Low-field and mid-field MRI tech has been around for a while, but a new wave of equipment is quickly bringing the tech to the forefront of hospitals and diagnostic clinics. “We’re seeing success in this space now, and I think we can push the field forward,” Gilson says. “I don’t know what other vendors will do, but I imagine there will be growth in this mid-field segment going forward as we leverage it to access new markets and bring MR to places it hasn’t been before—particularly with advanced capabilities.”

Gilson anticipates that there will be continued growth and interest in these MR systems as new clinical opportunities arise. “We see this as an opportunity to take MRI to places that haven’t had access to it before or where it was extremely limited,” he says. “We’re also working on building the services to support the equipment, such as remote scanning. I see the potential for growth in the number of mid-field systems and providing access for those around the world.”

Keith Loria is a freelance writer based in Oakton, Virginia. He is a frequent contributor to Radiology Today.


Recent Advances Move the MRI Field Forward
United Imaging is currently focused on the mainstream field strengths of 1.5T and 3T, which are the vast majority of what is used clinically today for MRI. However, lower field strengths may offer some advantages, says Abram Voorhees, PhD, vice president of MR and CT for United Healthcare. “Low-field magnets are of interest for a number of reasons, to potentially help lower the cost of the equipment and increase patient comfort with an open design or larger bore,” Voorhees says.

Patient comfort, claustrophobia, anxiety, and patient size/body habitus can all limit access to MRI for patients. “United Imaging has responded to these patient needs with a 75 cm ultrawide bore (called the uMR OMEGA), which provides more space to help accommodate more patients,” Voorhees says. “Even though a magnet of this size is more technically challenging to engineer at higher field strengths, we selected a field strength of 3T to provide adequate signal for imaging. Higher field strength can be used for faster exams and/or higher resolution. In addition, higher field strength provides more signal to ensure diagnostic image quality in patients of larger body habitus.”

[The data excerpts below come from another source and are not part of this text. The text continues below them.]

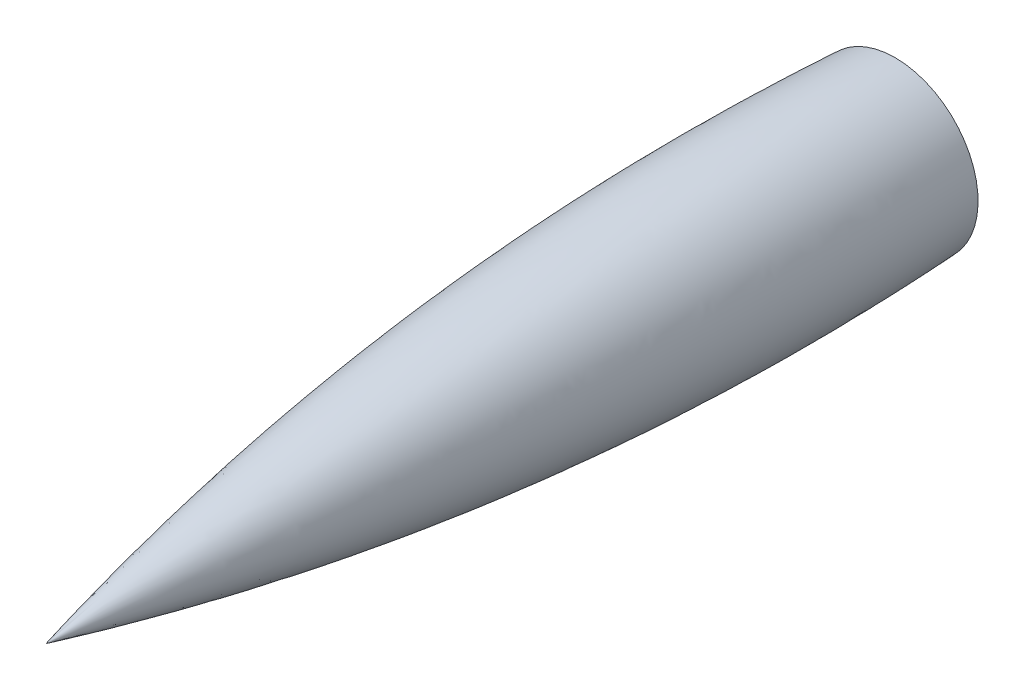
ISO-10303-21;
HEADER;
FILE_DESCRIPTION(('STEP AP214'),'2;1');
FILE_NAME('part.step','',(''),(''),'','','');
FILE_SCHEMA(('AUTOMOTIVE_DESIGN { 1 0 10303 214 1 1 1 1 }'));
ENDSEC;
DATA;
#1=APPLICATION_CONTEXT('core data for automotive mechanical design processes');
#2=APPLICATION_PROTOCOL_DEFINITION('international standard','automotive_design',2000,#1);
#3=PRODUCT_CONTEXT('',#1,'mechanical');
#4=PRODUCT('Part','Part','',(#3));
#5=PRODUCT_RELATED_PRODUCT_CATEGORY('part','',(#4));
#6=PRODUCT_DEFINITION_FORMATION('','',#4);
#7=PRODUCT_DEFINITION_CONTEXT('part definition',#1,'design');
#8=PRODUCT_DEFINITION('design','',#6,#7);
#9=PRODUCT_DEFINITION_SHAPE('','',#8);
#10=(LENGTH_UNIT() NAMED_UNIT(*) SI_UNIT(.MILLI.,.METRE.));
#11=(NAMED_UNIT(*) PLANE_ANGLE_UNIT() SI_UNIT($,.RADIAN.));
#12=(NAMED_UNIT(*) SI_UNIT($,.STERADIAN.) SOLID_ANGLE_UNIT());
#13=UNCERTAINTY_MEASURE_WITH_UNIT(LENGTH_MEASURE(1.E-05),#10,'distance_accuracy_value','');
#14=(GEOMETRIC_REPRESENTATION_CONTEXT(3) GLOBAL_UNCERTAINTY_ASSIGNED_CONTEXT((#13)) GLOBAL_UNIT_ASSIGNED_CONTEXT((#10,
#11,#12)) REPRESENTATION_CONTEXT('',''));
#15=CARTESIAN_POINT('',(0.,0.,0.));
#16=DIRECTION('',(0.,0.,1.));
#17=DIRECTION('',(1.,0.,0.));
#18=AXIS2_PLACEMENT_3D('',#15,#16,#17);
#19=CARTESIAN_POINT('',(0.,50.8,0.));
#20=DIRECTION('',(0.,0.,-1.));
#21=DIRECTION('',(-1.,0.,0.));
#22=AXIS2_PLACEMENT_3D('',#19,#20,#21);
#23=PLANE('',#22);
#24=CARTESIAN_POINT('',(0.,0.,0.));
#25=DIRECTION('',(0.,0.,-1.));
#26=DIRECTION('',(-1.,0.,0.));
#27=AXIS2_PLACEMENT_3D('',#24,#25,#26);
#28=CIRCLE('',#27,50.8);
#29=CARTESIAN_POINT('',(-50.8,0.,0.));
#30=VERTEX_POINT('',#29);
#31=EDGE_CURVE('E11',#30,#30,#28,.T.);
#32=ORIENTED_EDGE('',*,*,#31,.T.);
#33=EDGE_LOOP('',(#32));
#34=FACE_BOUND('',#33,.T.);
#35=ADVANCED_FACE('F43',(#34),#23,.T.);
#36=CARTESIAN_POINT('',(0.,50.7999999998733,-2.41468736994463E-09));
#37=CARTESIAN_POINT('',(0.,50.8344496583285,0.656325330514135));
#38=CARTESIAN_POINT('',(0.,50.9015860372794,1.95310116485376));
#39=CARTESIAN_POINT('',(0.,51.0971294079764,5.7848122386559));
#40=CARTESIAN_POINT('',(0.,51.2956188358835,9.93833270022586));
#41=CARTESIAN_POINT('',(0.,51.5619017563783,15.755387557603));
#42=CARTESIAN_POINT('',(0.,51.7786475100311,21.0006155793538));
#43=CARTESIAN_POINT('',(0.,51.9662861229136,25.7975580308033));
#44=CARTESIAN_POINT('',(0.,52.1340960676188,30.429252212788));
#45=CARTESIAN_POINT('',(0.,52.2953022473931,35.1476493262037));
#46=CARTESIAN_POINT('',(0.,52.4640763328492,40.594655893124));
#47=CARTESIAN_POINT('',(0.,52.6365743999901,46.8563854198712));
#48=CARTESIAN_POINT('',(0.,52.7858228438298,53.1001108175265));
#49=CARTESIAN_POINT('',(0.,52.9451565363754,60.9171714804088));
#50=CARTESIAN_POINT('',(0.,53.0670247835638,68.7285333546036));
#51=CARTESIAN_POINT('',(0.,53.1519841681486,76.5446653968054));
#52=CARTESIAN_POINT('',(0.,53.1996749854819,84.3585527011658));
#53=CARTESIAN_POINT('',(0.,53.215606741412,90.6109174906038));
#54=CARTESIAN_POINT('',(0.,53.2076269691938,98.4255921138609));
#55=CARTESIAN_POINT('',(0.,53.1535111369304,107.803524448155));
#56=CARTESIAN_POINT('',(0.,53.0253744196485,118.743639035915));
#57=CARTESIAN_POINT('',(0.,52.7898237507742,131.245436000156));
#58=CARTESIAN_POINT('',(0.,52.4651625475604,143.745144795457));
#59=CARTESIAN_POINT('',(0.,52.0514149540583,156.242276319098));
#60=CARTESIAN_POINT('',(0.,51.5485975052339,168.736108779601));
#61=CARTESIAN_POINT('',(0.,50.9567384597539,181.226058865898));
#62=CARTESIAN_POINT('',(0.,50.1056481866805,196.832812473818));
#63=CARTESIAN_POINT('',(0.,48.5066299801333,221.789843552109));
#64=CARTESIAN_POINT('',(0.,45.2339196161076,262.298591105179));
#65=CARTESIAN_POINT('',(0.,40.1260961301056,308.919110012708));
#66=CARTESIAN_POINT('',(0.,34.0173878601227,352.262040317426));
#67=CARTESIAN_POINT('',(0.,28.4108054227198,386.188736482174));
#68=CARTESIAN_POINT('',(0.,25.1331348662426,404.656073835249));
#69=CARTESIAN_POINT('',(0.,22.8603267449889,416.951719189199));
#70=CARTESIAN_POINT('',(0.,20.499923970076,429.230890156466));
#71=CARTESIAN_POINT('',(0.,18.3580547716022,439.960110351439));
#72=CARTESIAN_POINT('',(0.,16.4675537273828,449.14558532436));
#73=CARTESIAN_POINT('',(0.,14.8558230959575,456.792400492443));
#74=CARTESIAN_POINT('',(0.,13.5445763678177,462.905486595897));
#75=CARTESIAN_POINT('',(0.,11.8784485478793,470.540346311792));
#76=CARTESIAN_POINT('',(0.,10.1757818093779,478.168296197522));
#77=CARTESIAN_POINT('',(0.,8.4373634399768,485.78619006458));
#78=CARTESIAN_POINT('',(0.,6.83953136772947,492.637509349606));
#79=CARTESIAN_POINT('',(0.,5.76174961808524,497.197916541881));
#80=CARTESIAN_POINT('',(0.,4.85259612971877,501.003922124367));
#81=CARTESIAN_POINT('',(0.,4.12416304655946,504.030343387405));
#82=CARTESIAN_POINT('',(0.,3.37960373274348,507.097949038796));
#83=CARTESIAN_POINT('',(0.,2.65400660063649,510.067543281247));
#84=CARTESIAN_POINT('',(0.,1.86773418835682,513.255046963903));
#85=CARTESIAN_POINT('',(0.,1.20384216788744,515.934279565072));
#86=CARTESIAN_POINT('',(0.,0.482005609219628,518.814891084789));
#87=CARTESIAN_POINT('',(0.,0.160648957528935,520.093508427382));
#88=CARTESIAN_POINT('',(0.,5.12783935113806E-10,520.730801482956));
#89=B_SPLINE_CURVE_WITH_KNOTS('',4,(#36,#37,#38,#39,#40,#41,#42,#43,#44,#45,#46,#47,#48,#49,#50,
#51,#52,#53,#54,#55,#56,#57,#58,#59,#60,#61,#62,#63,#64,#65,#66,#67,#68,#69,#70,#71,#72,#73,#74,
#75,#76,#77,#78,#79,#80,#81,#82,#83,#84,#85,#86,#87,#88),.UNSPECIFIED.,.F.,.F.,(5,1,1,1,1,1,1,1,
1,1,1,1,1,1,1,1,1,1,1,1,1,1,1,1,1,1,1,1,1,1,1,1,1,1,1,1,1,1,1,1,1,1,1,1,1,1,1,1,1,5),
(0.083392030305151,0.0883979450668735,0.093403859828596,0.103415689352041,0.113427518875486,
0.12343934839893,0.128445264942202,0.133451181485473,0.143463014572017,0.15347484765856,
0.163486680745103,0.173498513479235,0.183510346213367,0.203534011681632,0.213545844953633,
0.223557678225634,0.233569511497635,0.243581344769636,0.263605006438705,0.283628668107773,
0.30365233359727,0.323675999086768,0.343699664896976,0.363723330707185,0.383746994608227,
0.40377065850927,0.443817991784031,0.52391265193305,0.644054637964714,0.704125650277602,
0.724149311425776,0.744172970769913,0.76419663011405,0.784220293910096,0.804243957706142,
0.814255798012992,0.824267638319842,0.834279478626692,0.844291318933542,0.864314973341373,
0.874326800545288,0.884338627749204,0.889344547189883,0.894350466630562,0.899356386071241,
0.90436230551192,0.909368224952599,0.914374144393277,0.919380063833956,0.924385983274635),.UNSPECIFIED.);
#90=CARTESIAN_POINT('',(0.,0.,0.));
#91=DIRECTION('',(0.,0.,-1.));
#92=AXIS1_PLACEMENT('',#90,#91);
#93=SURFACE_OF_REVOLUTION('',#89,#92);
#94=CARTESIAN_POINT('',(0.,5.12783935113806E-10,520.730801482956));
#95=VERTEX_POINT('',#94);
#96=VERTEX_LOOP('',#95);
#97=FACE_BOUND('',#96,.T.);
#98=ORIENTED_EDGE('',*,*,#31,.F.);
#99=EDGE_LOOP('',(#98));
#100=FACE_BOUND('',#99,.T.);
#101=ADVANCED_FACE('F51',(#97,#100),#93,.F.);
#102=CLOSED_SHELL('',(#35,#101));
#103=MANIFOLD_SOLID_BREP('B2',#102);
#104=ADVANCED_BREP_SHAPE_REPRESENTATION('',(#18,#103),#14);
#105=SHAPE_DEFINITION_REPRESENTATION(#9,#104);
ENDSEC;
END-ISO-10303-21;

David Spagnoli, head of product management MR in precision diagnosis at Philips, says the company introduced the first and only 1.5T 70 cm MR system enabling helium-free operations—the Ingenia Ambition equipped with the BlueSeal magnet. “BlueSeal magnet requires only 0.5% of helium, compared to a conventional Philips MR system,” Spagnoli says. “BlueSeal does not require vent pipes and is about 900 kg lighter than conventional equipment available in the market, making the installation of the system more flexible and potentially less costly.”

The MR 5300 incorporates the BlueSeal magnet for helium-free operations and AI-driven technologies designed to automate the most complex clinical and operational tasks. It’s also equipped with lightweight and flexible coils, which make it possible to quickly connect and prepare patients for imaging—helping to shorten set-up time for routine exams by up to 30%.